_WHAT IS NEEDED_
Would you please transcribe, exactly as written, the lines of the entries below starting at the one that holds "rear doors. For" and ending at the one that holds "the firmware |", both included?

_MATERIAL PROVIDED_
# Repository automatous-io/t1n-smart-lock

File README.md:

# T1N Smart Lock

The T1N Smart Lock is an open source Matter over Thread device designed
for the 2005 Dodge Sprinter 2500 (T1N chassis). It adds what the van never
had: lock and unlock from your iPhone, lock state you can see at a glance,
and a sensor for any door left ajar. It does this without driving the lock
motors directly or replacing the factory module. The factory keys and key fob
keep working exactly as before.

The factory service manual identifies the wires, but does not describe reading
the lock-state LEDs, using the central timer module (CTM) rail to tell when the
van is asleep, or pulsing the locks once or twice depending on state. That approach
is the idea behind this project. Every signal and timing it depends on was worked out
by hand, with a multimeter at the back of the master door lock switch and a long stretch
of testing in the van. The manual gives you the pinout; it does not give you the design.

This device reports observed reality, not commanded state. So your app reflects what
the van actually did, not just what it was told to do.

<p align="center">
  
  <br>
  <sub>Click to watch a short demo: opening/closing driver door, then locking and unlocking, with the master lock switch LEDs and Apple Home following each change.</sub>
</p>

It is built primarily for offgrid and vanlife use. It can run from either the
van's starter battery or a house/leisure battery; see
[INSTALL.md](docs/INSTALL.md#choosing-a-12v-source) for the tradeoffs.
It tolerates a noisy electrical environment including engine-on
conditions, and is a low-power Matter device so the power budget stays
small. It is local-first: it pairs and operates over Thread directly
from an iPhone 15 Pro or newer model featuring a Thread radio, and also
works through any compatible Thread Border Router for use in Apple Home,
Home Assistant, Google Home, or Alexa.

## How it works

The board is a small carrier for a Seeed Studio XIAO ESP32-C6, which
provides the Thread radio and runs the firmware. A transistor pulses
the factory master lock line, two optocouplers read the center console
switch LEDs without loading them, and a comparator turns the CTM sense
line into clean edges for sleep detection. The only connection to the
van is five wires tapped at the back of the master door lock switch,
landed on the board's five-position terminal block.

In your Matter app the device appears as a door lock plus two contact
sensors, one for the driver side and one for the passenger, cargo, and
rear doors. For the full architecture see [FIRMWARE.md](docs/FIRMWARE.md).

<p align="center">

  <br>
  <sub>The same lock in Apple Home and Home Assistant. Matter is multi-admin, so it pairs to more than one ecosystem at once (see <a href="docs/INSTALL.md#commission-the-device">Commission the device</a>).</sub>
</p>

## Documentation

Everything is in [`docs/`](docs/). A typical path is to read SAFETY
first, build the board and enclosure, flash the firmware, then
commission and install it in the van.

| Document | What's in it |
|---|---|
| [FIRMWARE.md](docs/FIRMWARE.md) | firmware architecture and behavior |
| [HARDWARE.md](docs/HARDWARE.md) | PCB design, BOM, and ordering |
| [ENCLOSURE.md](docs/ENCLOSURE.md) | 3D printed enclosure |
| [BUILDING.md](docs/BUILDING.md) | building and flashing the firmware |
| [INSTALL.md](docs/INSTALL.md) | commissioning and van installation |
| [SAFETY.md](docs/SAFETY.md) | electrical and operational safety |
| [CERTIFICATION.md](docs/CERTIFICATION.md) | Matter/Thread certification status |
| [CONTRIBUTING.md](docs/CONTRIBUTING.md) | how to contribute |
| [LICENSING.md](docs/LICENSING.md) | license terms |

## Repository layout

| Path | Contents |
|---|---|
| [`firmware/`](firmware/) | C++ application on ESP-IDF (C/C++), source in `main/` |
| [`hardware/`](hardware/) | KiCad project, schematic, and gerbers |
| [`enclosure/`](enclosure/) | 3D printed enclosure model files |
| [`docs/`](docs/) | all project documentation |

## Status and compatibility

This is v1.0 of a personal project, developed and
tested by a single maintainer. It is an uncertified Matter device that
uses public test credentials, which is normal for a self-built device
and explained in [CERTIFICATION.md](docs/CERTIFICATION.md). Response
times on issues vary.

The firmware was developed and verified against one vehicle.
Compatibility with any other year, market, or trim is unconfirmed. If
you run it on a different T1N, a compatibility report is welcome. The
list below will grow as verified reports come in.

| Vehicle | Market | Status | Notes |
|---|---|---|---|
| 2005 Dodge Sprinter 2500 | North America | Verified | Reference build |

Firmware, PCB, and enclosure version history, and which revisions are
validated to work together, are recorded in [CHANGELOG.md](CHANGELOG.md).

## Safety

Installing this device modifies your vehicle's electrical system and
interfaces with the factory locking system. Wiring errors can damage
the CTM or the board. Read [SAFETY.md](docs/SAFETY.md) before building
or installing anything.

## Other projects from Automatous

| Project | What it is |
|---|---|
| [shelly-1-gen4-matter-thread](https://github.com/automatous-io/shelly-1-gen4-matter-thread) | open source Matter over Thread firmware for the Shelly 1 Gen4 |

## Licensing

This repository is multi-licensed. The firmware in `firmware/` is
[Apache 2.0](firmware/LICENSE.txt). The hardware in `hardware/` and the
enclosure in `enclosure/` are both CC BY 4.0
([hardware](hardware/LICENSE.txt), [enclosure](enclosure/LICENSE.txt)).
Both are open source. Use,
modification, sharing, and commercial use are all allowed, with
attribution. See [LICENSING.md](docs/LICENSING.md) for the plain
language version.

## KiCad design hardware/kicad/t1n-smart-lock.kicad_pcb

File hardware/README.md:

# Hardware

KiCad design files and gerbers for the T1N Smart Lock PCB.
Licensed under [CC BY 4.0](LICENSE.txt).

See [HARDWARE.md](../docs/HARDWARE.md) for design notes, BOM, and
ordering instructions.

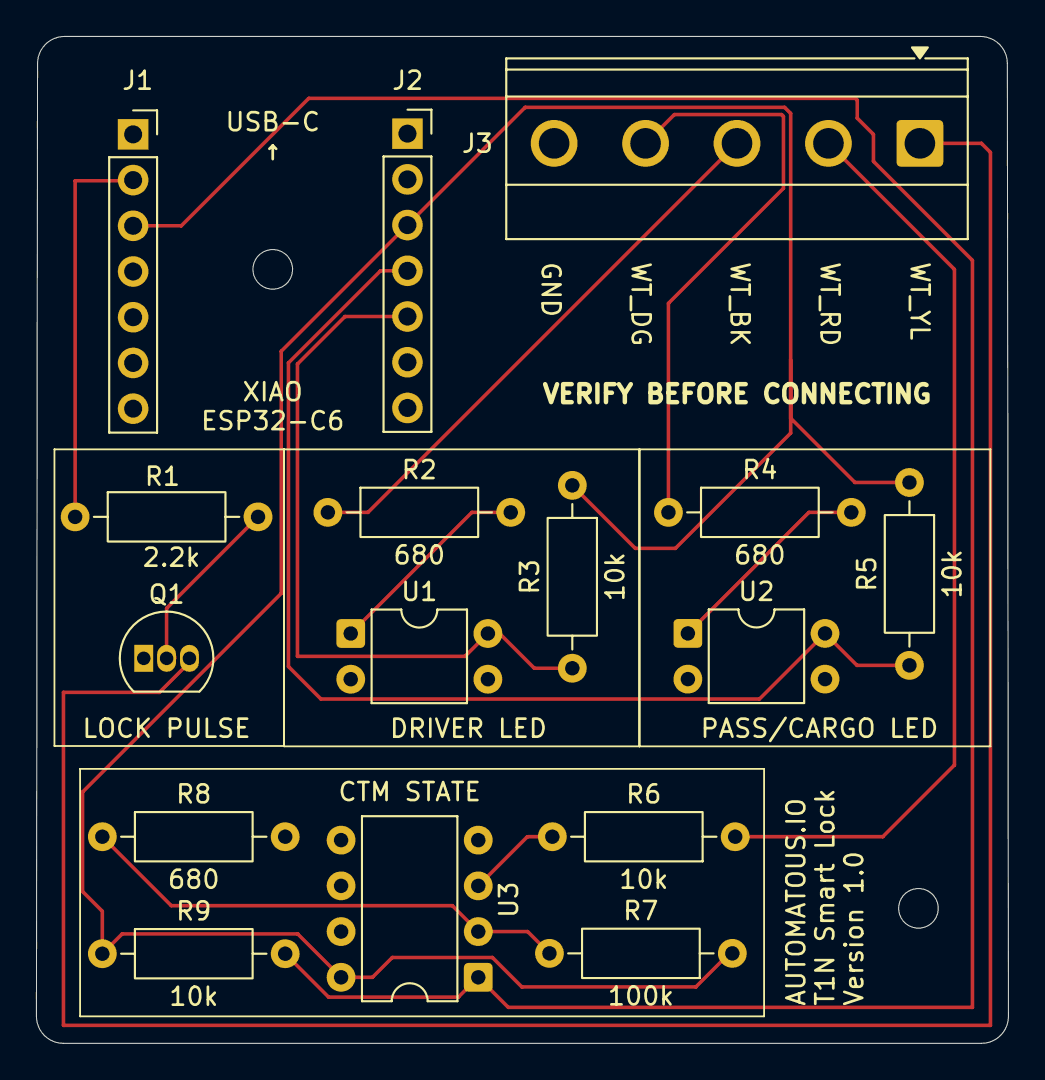
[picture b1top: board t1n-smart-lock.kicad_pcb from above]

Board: 2 copper layers, 54.0 x 55.9 mm, 18 parts (0 on the bottom side), 15 nets.

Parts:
H1, H2: MountingHole_2.2mm_M2
J1, J2: Conn_01x07_Socket; PinSocket_1x07_P2.54mm_Vertical
J3: TerminalBlock_Phoenix_MKDS-1,5-5-5.08_1x05_P5.08mm_Horizont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
Q1: LOCK PULSE; TO-92_Inline
R1: 2.2k; R_Axial_DIN0207_L6.3mm_D2.5mm_P10.16mm_Horizontal
R2, R4, R8: 680; R_Axial_DIN0207_L6.3mm_D2.5mm_P10.16mm_Horizontal
R3, R5, R6, R9: 10k; R_Axial_DIN0207_L6.3mm_D2.5mm_P10.16mm_Horizontal
R7: 100k; R_Axial_DIN0207_L6.3mm_D2.5mm_P10.16mm_Horizontal
U1: DRIVER LED; DIP-4_W7.62mm
U2: PASS/CARGO LED; DIP-4_W7.62mm
U3: CTM STATE; DIP-8_W7.62mm

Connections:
+3V3: J2.3, R3.1, R5.1, R7.1, R9.1, U3.8 (V+)
/GPIO1: J1.2, R1.1
/GPIO2: J1.3, R9.2, U3.1
/GPIO18: J2.4, R5.2, U2.4
/GPIO20: J2.5, R3.2, U1.4
/WT_BK: J3.3, R2.1
/WT_DG: J3.4, R4.1
/WT_RD: J3.2, R6.1
/WT_YL: J3.1, Q1.3 (C)
GND: J2.2, J3.5, Q1.1 (E), R8.2, U1.2, U1.3, U2.2, U2.3, U3.4 (V-)
unnamed: Q1.2 (B), R1.2
unnamed: R2.2, U1.1
unnamed: R4.2, U2.1
unnamed: R6.2, U3.3 (+)
unnamed: R7.2, R8.1, U3.2 (-)

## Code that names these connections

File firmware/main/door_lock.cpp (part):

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// example boilerplate in door_lock_manager.cpp).
//
// GPIO ownership lives in dedicated modules:
//   GPIO1  (lock pulse output)                   -> lock_pulse.cpp
//   GPIO2  (CTM sleep detect)                    -> ctm_state.cpp
//   GPIO18 (master door lock switch pax LED)     -> doors.cpp
//   GPIO20 (master door lock switch driver LED)  -> doors.cpp
//
// This file owns no hardware directly.
//
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
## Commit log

2026-06-12 Initial public release of the T1N Smart Lock firmware, hardware (KiCad source, schematic, gerbers), 3D-printed enclosure, and full documentation. Open source Matter over Thread smart lock for the 200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
2026-06-14 "Firmware 1.0.1: bump esp_matter 1.4.2~2 → 1.5.0, fix contact sensors esp_matter 1.5 makes BooleanState a code driven cluster, so attribute::update() on StateValue returns ESP_ERR_NOT_SUPPORTED and t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

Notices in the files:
firmware/main/door_lock.cpp:
Copyright 2025-2026 AUTOMATOUS.IO
Portions derived from Espressif esp-matter examples,
originally released into the public domain / CC0.
Licensed under the Apache License, Version 2.0 (the "License");

_RESPONSE AREA_
rear doors. For the full architecture see [FIRMWARE.md](docs/FIRMWARE.md).

<p align="center">

  <br>
  <sub>The same lock in Apple Home and Home Assistant. Matter is multi-admin, so it pairs to more than one ecosystem at once (see <a href="docs/INSTALL.md#commission-the-device">Commission the device</a>).</sub>
</p>

## Documentation

Everything is in [`docs/`](docs/). A typical path is to read SAFETY
first, build the board and enclosure, flash the firmware, then
commission and install it in the van.

| Document | What's in it |
|---|---|
| [FIRMWARE.md](docs/FIRMWARE.md) | firmware architecture and behavior |
| [HARDWARE.md](docs/HARDWARE.md) | PCB design, BOM, and ordering |
| [ENCLOSURE.md](docs/ENCLOSURE.md) | 3D printed enclosure |
| [BUILDING.md](docs/BUILDING.md) | building and flashing the firmware |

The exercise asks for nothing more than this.